The Republic of Love by Carol Shields




  Republic of Love

  Carol Shields

  For Don

  ∼ CONTENTS ∼

  Cover

  Title Page

  Tom

  CHAPTER 1. Breaking

  CHAPTER 2. Beginning

  CHAPTER 3. Put That on My Tombstone

  CHAPTER 4. I Believe in One Thing

  CHAPTER 5. How Are You, How Are You?

  CHAPTER 6. Love Is the Only Enchantment

  CHAPTER 7. How Fortunate She Is

  CHAPTER 8. Running Lightly

  CHAPTER 9. The Pageant of Romance

  CHAPTER 10. Don’t Worry About It

  CHAPTER 11. Love and the Absence of Love

  CHAPTER 12. Riding High

  CHAPTER 13. Seduction and Consolation

  CHAPTER 14. Entering a Period of Good Fortune

  CHAPTER 15. Something I’ve Been Thinking About

  CHAPTER 16. Fortuitous Events

  CHAPTER 17. Anything Might Happen

  CHAPTER 18. What I’d Really Like

  CHAPTER 19. The Sacred and the Profane

  CHAPTER 20. I Love You

  CHAPTER 21. I Love You Too

  CHAPTER 22. Everything They Say Is True

  CHAPTER 23. So This Is How It Feels

  CHAPTER 24. Stardust

  CHAPTER 25. “It”

  CHAPTER 26. Happy Days

  CHAPTER 27. I Want

  CHAPTER 28. Moving Right Along

  CHAPTER 29. Keeping the Faith

  CHAPTER 30. What Has Befallen Him

  CHAPTER 31. Black Holes

  CHAPTER 32. It Groweth Cold

  CHAPTER 33. Putting Asunder

  CHAPTER 34. Practicing to Die

  CHAPTER 35. Important Announcements

  CHAPTER 36. Out of the Blue

  Fay

  About the Author

  Praise

  The Work of Carol Shields

  Copyright

  About the Publisher

  Tom

  AS A BABY, TOM AVERY HAD TWENTY-SEVEN MOTHERS. SO HE SAYS. That was almost forty years ago.

  Ask me more, his eyes beg, ask me for details.
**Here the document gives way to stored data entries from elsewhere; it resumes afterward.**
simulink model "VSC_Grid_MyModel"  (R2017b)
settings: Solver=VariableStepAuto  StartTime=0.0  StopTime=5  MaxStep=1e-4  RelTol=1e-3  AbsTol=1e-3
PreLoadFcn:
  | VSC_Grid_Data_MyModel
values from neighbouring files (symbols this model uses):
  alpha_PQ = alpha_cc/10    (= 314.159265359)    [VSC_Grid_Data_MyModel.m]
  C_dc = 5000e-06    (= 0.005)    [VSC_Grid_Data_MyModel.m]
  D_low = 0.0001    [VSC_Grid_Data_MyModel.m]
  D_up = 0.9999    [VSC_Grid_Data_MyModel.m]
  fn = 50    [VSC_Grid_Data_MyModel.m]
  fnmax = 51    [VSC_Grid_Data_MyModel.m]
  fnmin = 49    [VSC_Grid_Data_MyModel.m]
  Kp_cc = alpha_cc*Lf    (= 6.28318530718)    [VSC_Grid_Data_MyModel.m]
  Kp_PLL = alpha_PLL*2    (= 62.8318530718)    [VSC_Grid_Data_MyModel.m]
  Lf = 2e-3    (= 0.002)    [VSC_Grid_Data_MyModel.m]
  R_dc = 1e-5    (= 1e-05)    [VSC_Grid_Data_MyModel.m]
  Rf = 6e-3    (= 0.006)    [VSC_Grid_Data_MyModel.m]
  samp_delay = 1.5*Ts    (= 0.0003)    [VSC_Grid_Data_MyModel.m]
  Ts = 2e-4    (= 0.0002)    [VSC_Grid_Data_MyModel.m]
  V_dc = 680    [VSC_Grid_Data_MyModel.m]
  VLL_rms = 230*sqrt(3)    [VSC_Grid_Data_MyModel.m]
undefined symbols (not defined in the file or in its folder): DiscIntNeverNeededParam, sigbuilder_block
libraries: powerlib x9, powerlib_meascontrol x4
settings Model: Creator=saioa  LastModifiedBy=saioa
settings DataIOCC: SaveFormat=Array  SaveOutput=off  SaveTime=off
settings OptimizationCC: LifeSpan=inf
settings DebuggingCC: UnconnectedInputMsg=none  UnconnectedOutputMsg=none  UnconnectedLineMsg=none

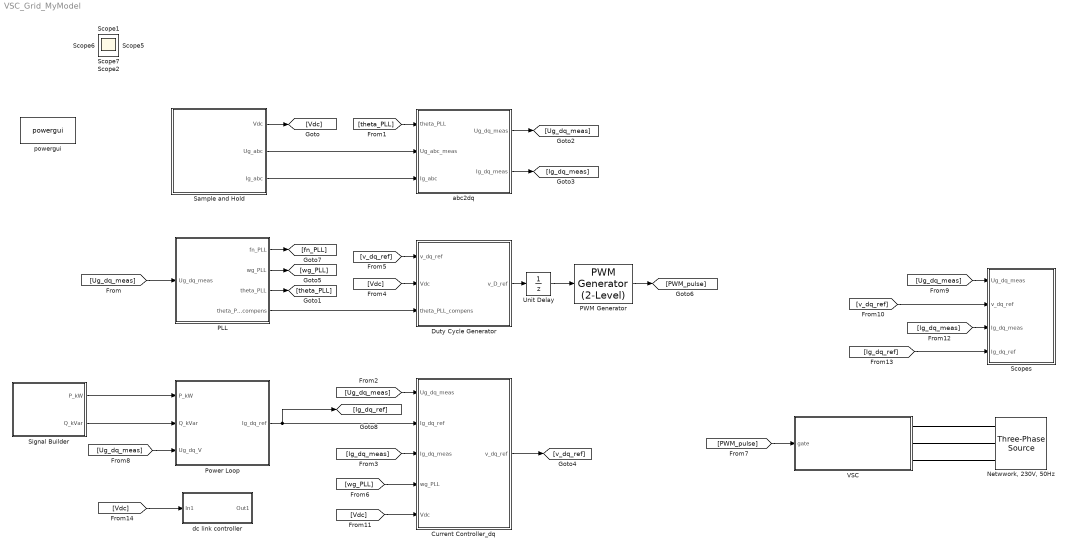
== system VSC_Grid_MyModel ==
  Current Controller_dq : Subsystem
  Duty Cycle Generator : Subsystem
  "Netwwork, 230V, 50Hz" : powerlib/Electrical Sources/Three-Phase Source  InternalConnection=Yg  VoltagePhases=off  Voltage=VLL_rms  PhaseAngle=0  Voltage_phases=[25e3 25e3 25e3]/sqrt(3)  PhaseAngles_phases=[0 -120 +120]  Frequency=fn  NonIdealSource=off  SpecifyImpedance=on  Resistance=0.8929  Inductance=16.58e-3  ShortCircuitLevel=40e6  BaseVoltage=600  XRratio=7  BusType=swing  Pref=0  Qref=0  Prefabc=[10e3, 10e3, 10e3]  Qrefabc=[0, 0, 0]  Qmin=-inf  Qmax=inf
  PLL : Subsystem
  PWM Generator : powerlib_meascontrol/Pulse & Signal Generators/PWM Generator (2-Level)  ModulatorType=Three-phase bridge (6 pulses)  ModulatorMode=Unsynchronized  Fc=fs  Pc=0  nF=27  MinMax="[ -1  1 ]"  SamplingTechnique=Symmetrical regular (single edge)  ModulatingSignals=off  m=0.8  Freq=60  Phase=0  Ts=0  ShowCarrierOutport=off
      settings: SourceProductName=Simscape Power Systems
  Power Loop : Subsystem
  Sample and Hold : Subsystem
  Scopes : Subsystem
  Signal Builder : Subsystem  Tag=STV Subsys  LoadFcn=sigbuilder_block('load');  StartFcn=sigbuilder_block('start');  StopFcn=sigbuilder_block('stop');  ClipboardFcn=sigbuilder_block('clipboard');  mask(Sigbuilder block){tuvar=[0:10]}
      mask help: Simulink:masks:SigbuilderBlock_MD
      mask init:
      | if ~strcmp(get_param(bdroot(gcbh),'SimulationStatus'),'stopped') tuvar = sigbuilder_block('maskInit'); end
      settings: CopyFcn=sigbuilder_block('copy');  DeleteFcn=sigbuilder_block('delete');  ModelCloseFcn=sigbuilder_block('modelClose');  PreSaveFcn=sigbuilder_block('preSave');  PauseFcn=sigbuilder_block('pause');  ContinueFcn=sigbuilder_block('continue');  NameChangeFcn=sigbuilder_block('namechange');  OpenFcn=sigbuilder_block('open',[6 33 1428 678 ]);  CloseFcn=sigbuilder_block('close');
      mask Display: plot(0, 0, 100, 100,[2, 2, 32, 32, 2], [68, 8, 8, 68, 68],[32, 2], [38, 38], [32, 19, 2],[53, 60, 44], [32, 17, 17, 2],[16, 16, 31, 31]);txt = getActiveGroup(gcbh);text(2, 100, txt,'verticalAlignment', 'top');
  Unit Delay : UnitDelay  SampleTime=-1
  VSC : Subsystem
  "abc2dq " : Subsystem
  dc link controller : Subsystem
  powergui : powerlib/powergui  Priority=1  SimulationMode=Continuous  SampleTime=50e-6  frequency=60  Iterations=50  frequencyindice=50  Pbase=100e6  ErrMax=1e-4  UnitsV=kV  UnitsW=MW  buscounter=0  FunctionMessages=off  echomessages=off  EnableUseOfTLC=off  CurrentSourceSwitches=off  DisableSnubberDevices=off  DisableRonSwitches=off  DisableVfSwitches=off  DisplayEquations=off  SolverType=Tustin/Backward Euler (TBE)  Interpol=off  ExternalGateDelay=off  methode=off  Ts=100  x0status=blocks  SPID=on  SwTol=0  HookPort=off  RestoreLinks=warning  ResistiveCurrentMeasurement=off  Frange=[0:2:500]  Ylog=off  Xlog=on  ShowGrid=off  save=off  variable=ZData  structure=0  ZoomFFT=off  StartTime=0.0  cycles=1  DisplayStyle=1  fundamental=60  FreqAxis=off  MaxFrequency=1000  frequencyindicesteady=1  RmsSteady=1  display=off
  Scope{,1..2,5..7} (6 alike) : Scope
  wires:
  "abc2dq "/2(Ig_dq_meas) -> [Ig_dq_meas]
  Sample and Hold/1(Vdc) -> [Vdc]
  Sample and Hold/3(Ig_abc) -> "abc2dq "/3(Ig_abc)
  [v_dq_ref] -> Duty Cycle Generator/1(v_dq_ref)
  PLL/4(theta_PLL_compens) -> Duty Cycle Generator/3(theta_PLL_compens)
  Current Controller_dq/1(v_dq_ref) -> [v_dq_ref]
  [Vdc] -> Duty Cycle Generator/2(Vdc)
  [Ug_dq_meas] -> Current Controller_dq/1(Ug_dq_meas)
  [theta_PLL] -> "abc2dq "/1(theta_PLL)
  "abc2dq "/1(Ug_dq_meas) -> [Ug_dq_meas]
  PLL/2(wg_PLL) -> [wg_PLL]
  [wg_PLL] -> Current Controller_dq/4(wg_PLL)
  PLL/1(fn_PLL) -> [fn_PLL]
  Sample and Hold/2(Ug_abc) -> "abc2dq "/2(Ug_abc_meas)
  PLL/3(theta_PLL) -> [theta_PLL]
  [Ug_dq_meas] -> PLL/1(Ug_dq_meas)
  [PWM_pulse] -> VSC/1(gate)
  Signal Builder/1(P_kW) -> Power Loop/1(P_kW)
  Signal Builder/2(Q_kVar) -> Power Loop/2(Q_kVar)
  [Ug_dq_meas] -> Power Loop/3(Ug_dq_V)
  Power Loop/1(Ig_dq_ref) -> Current Controller_dq/2(Ig_dq_ref), [Ig_dq_ref]
  [Ig_dq_meas] -> Current Controller_dq/3(Ig_dq_meas)
  [Vdc] -> Current Controller_dq/5(Vdc)
  PWM Generator/1 -> [PWM_pulse]
  Duty Cycle Generator/1(v_D_ref) -> Unit Delay/1
  Unit Delay/1 -> PWM Generator/1
  [Ug_dq_meas] -> Scopes/1(Ug_dq_meas)
  [v_dq_ref] -> Scopes/2(v_dq_ref)
  [Ig_dq_meas] -> Scopes/3(Ig_dq_meas)
  [Ig_dq_ref] -> Scopes/4(Ig_dq_ref)
  [Vdc] -> dc link controller/1(In1)
  connections:
  "Netwwork, 230V, 50Hz"/RConn1 -- VSC/RConn1
  "Netwwork, 230V, 50Hz"/RConn2 -- VSC/RConn2
  "Netwwork, 230V, 50Hz"/RConn3 -- VSC/RConn3

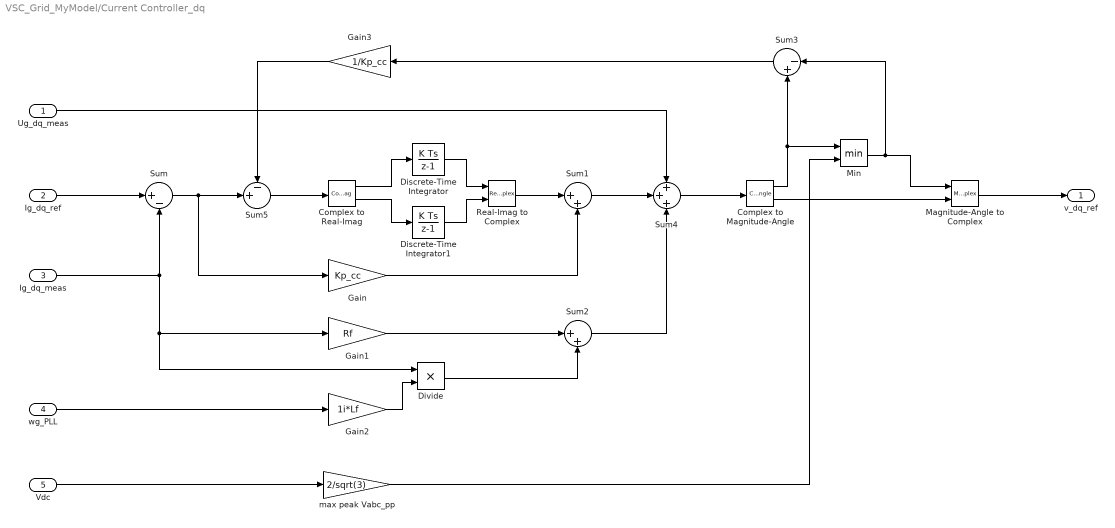
== system VSC_Grid_MyModel/Current Controller_dq ==
  Ug_dq_meas : Inport
  Ig_dq_ref : Inport  Port=2
  Ig_dq_meas : Inport  Port=3
  wg_PLL : Inport  Port=4
  Vdc : Inport  Port=5
  Complex to Magnitude-Angle : ComplexToMagnitudeAngle
  Complex to Real-Imag : ComplexToRealImag
  Discrete-Time Integrator : DiscreteIntegrator  gainval=Ki_cc  InitialConditionSetting=State (most efficient)  SampleTime=Ts  ICPrevOutput=DiscIntNeverNeededParam  ICPrevScaledInput=DiscIntNeverNeededParam
  Discrete-Time Integrator1 : DiscreteIntegrator  gainval=Ki_cc  InitialConditionSetting=State (most efficient)  SampleTime=Ts  ICPrevOutput=DiscIntNeverNeededParam  ICPrevScaledInput=DiscIntNeverNeededParam
  Divide : Product  Inputs=**
  Gain : Gain  Gain=Kp_cc
  Gain1 : Gain  Gain=Rf
  Gain2 : Gain  Gain=1i*Lf
  Gain3 : Gain  Gain=1/Kp_cc
  Magnitude-Angle to Complex : MagnitudeAngleToComplex
  Min : MinMax  Inputs=2
  Real-Imag to Complex : RealImagToComplex
  Sum : Sum  Inputs=|+-
  Sum1 : Sum  Inputs=|++
  Sum2 : Sum  Inputs=|++
  Sum3 : Sum  Inputs=|-+
  Sum4 : Sum  Inputs=+++  SaturateOnIntegerOverflow=on  InputSameDT=on  OutDataTypeStr=Inherit: Same as first input
  Sum5 : Sum  Inputs=-+|
  max peak Vabc_pp : Gain  Gain=2/sqrt(3)
  v_dq_ref : Outport
  wires:
  Ig_dq_meas/1 -> Gain1/1, Divide/1, Sum/2
  Ig_dq_ref/1 -> Sum/1
  Discrete-Time Integrator1/1 -> Real-Imag to Complex/2
  wg_PLL/1 -> Gain2/1
  Gain/1 -> Sum1/2
  Complex to Real-Imag/2 -> Discrete-Time Integrator1/1
  Discrete-Time Integrator/1 -> Real-Imag to Complex/1
  Real-Imag to Complex/1 -> Sum1/1
  Complex to Real-Imag/1 -> Discrete-Time Integrator/1
  Sum1/1 -> Sum4/2
  Sum2/1 -> Sum4/3
  Divide/1 -> Sum2/2
  Ug_dq_meas/1 -> Sum4/1
  Gain2/1 -> Divide/2
  Gain1/1 -> Sum2/1
  Vdc/1 -> max peak Vabc_pp/1
  Sum4/1 -> Complex to Magnitude-Angle/1
  Complex to Magnitude-Angle/1 -> Min/1, Sum3/2
  max peak Vabc_pp/1 -> Min/2
  Complex to Magnitude-Angle/2 -> Magnitude-Angle to Complex/2
  Min/1 -> Sum3/1, Magnitude-Angle to Complex/1
  Magnitude-Angle to Complex/1 -> v_dq_ref/1
  Sum5/1 -> Complex to Real-Imag/1
  Sum/1 -> Gain/1, Sum5/2
  Sum3/1 -> Gain3/1
  Gain3/1 -> Sum5/1

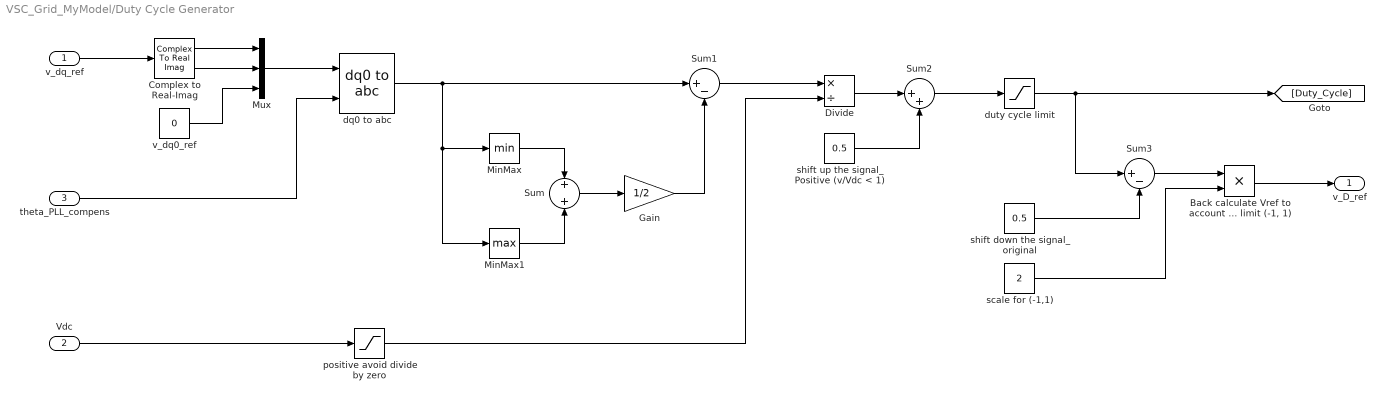
== system VSC_Grid_MyModel/Duty Cycle Generator ==
  v_dq_ref : Inport
  Vdc : Inport  Port=2
  theta_PLL_compens : Inport  Port=3
  "Back calculate Vref to account for duty cycle limit (-1, 1)" : Product  Inputs=**
  Complex to Real-Imag : ComplexToRealImag
  Divide : Product  Inputs=*/
  Gain : Gain  Gain=1/2
  MinMax : MinMax
  MinMax1 : MinMax  Function=max
  Mux : Mux  Inputs=3
  Sum : Sum  Inputs=+|+
  Sum1 : Sum  Inputs=|+-
  Sum2 : Sum  Inputs=|++
  Sum3 : Sum  Inputs=|+-
  dq0 to abc : powerlib_meascontrol/Transformations/dq0 to abc  Alignment=90 degrees behind phase A axis
  duty cycle limit : Saturate  UpperLimit=D_up  LowerLimit=D_low
  positive avoid divide by zero : Saturate  UpperLimit=inf  LowerLimit=1e-6
  scale for (-1,1) : Constant  Value=2
  shift down the signal_original : Constant  Value=0.5
  shift up the signal_Positive (v/Vdc < 1) : Constant  Value=0.5
  v_dq0_ref : Constant  Value=0
  v_D_ref : Outport
  wires:
  v_dq_ref/1 -> Complex to Real-Imag/1
  Complex to Real-Imag/1 -> Mux/1
  Complex to Real-Imag/2 -> Mux/2
  v_dq0_ref/1 -> Mux/3
  Mux/1 -> dq0 to abc/1
  theta_PLL_compens/1 -> dq0 to abc/2
  dq0 to abc/1 -> Sum1/1, MinMax1/1, MinMax/1
  Sum/1 -> Gain/1
  MinMax1/1 -> Sum/2
  MinMax/1 -> Sum/1
  Gain/1 -> Sum1/2
  Sum1/1 -> Divide/1
  Vdc/1 -> positive avoid divide by zero/1
  Divide/1 -> Sum2/1
  shift up the signal_Positive (v/Vdc < 1)/1 -> Sum2/2
  Sum2/1 -> duty cycle limit/1
  positive avoid divide by zero/1 -> Divide/2
  duty cycle limit/1 -> Sum3/1, [Duty_Cycle]
  shift down the signal_original/1 -> Sum3/2
  Sum3/1 -> "Back calculate Vref to account for duty cycle limit (-1, 1)"/1
  scale for (-1,1)/1 -> "Back calculate Vref to account for duty cycle limit (-1, 1)"/2
  "Back calculate Vref to account for duty cycle limit (-1, 1)"/1 -> v_D_ref/1

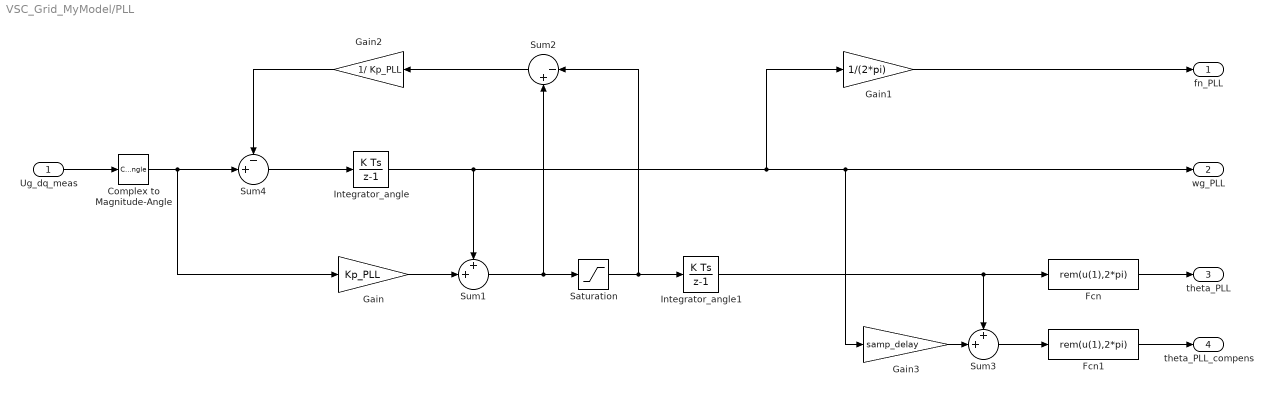
== system VSC_Grid_MyModel/PLL ==
  Ug_dq_meas : Inport
  Complex to Magnitude-Angle : ComplexToMagnitudeAngle  Output=Angle
  Fcn : Fcn  Expr=rem(u(1),2*pi)
  Fcn1 : Fcn  Expr=rem(u(1),2*pi)
  Gain : Gain  Gain=Kp_PLL
  Gain1 : Gain  Gain=1/(2*pi)
  Gain2 : Gain  Gain=1/ Kp_PLL
  Gain3 : Gain  Gain=samp_delay
  Integrator_angle : DiscreteIntegrator  gainval=Ki_PLL  InitialCondition=2*pi*fn  InitialConditionSetting=State (most efficient)  SampleTime=Ts  ICPrevOutput=DiscIntNeverNeededParam  ICPrevScaledInput=DiscIntNeverNeededParam
  Integrator_angle1 : DiscreteIntegrator  gainval=1  InitialConditionSetting=State (most efficient)  SampleTime=Ts  ICPrevOutput=DiscIntNeverNeededParam  ICPrevScaledInput=DiscIntNeverNeededParam
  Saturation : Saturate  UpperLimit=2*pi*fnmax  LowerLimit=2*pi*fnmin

  Well, then. At three weeks of age, there he was, this little stringy wailing thing, six and a half pounds of malleable flesh. His mother was sick, desperately sick, a kind of flu that worsened to pneumonia and then depression. In all, she was hospitalized for six months. Where was his father in all this? What father? Ha! That’s another story.

  A kindly social worker looked at scrawny, misshapen little Tom (rickets, one foot turning out sideways, not quite right) and said: “Leave him to me.” The next day Tom was installed in the Department of Home Economics at the University of Manitoba. He was moved straight into McDougal Hall, the Home Ec’s neo-Georgian practice house on the banks of the river, the wide Red, and put to sleep in a white enameled crib. Little Tom, the practice baby.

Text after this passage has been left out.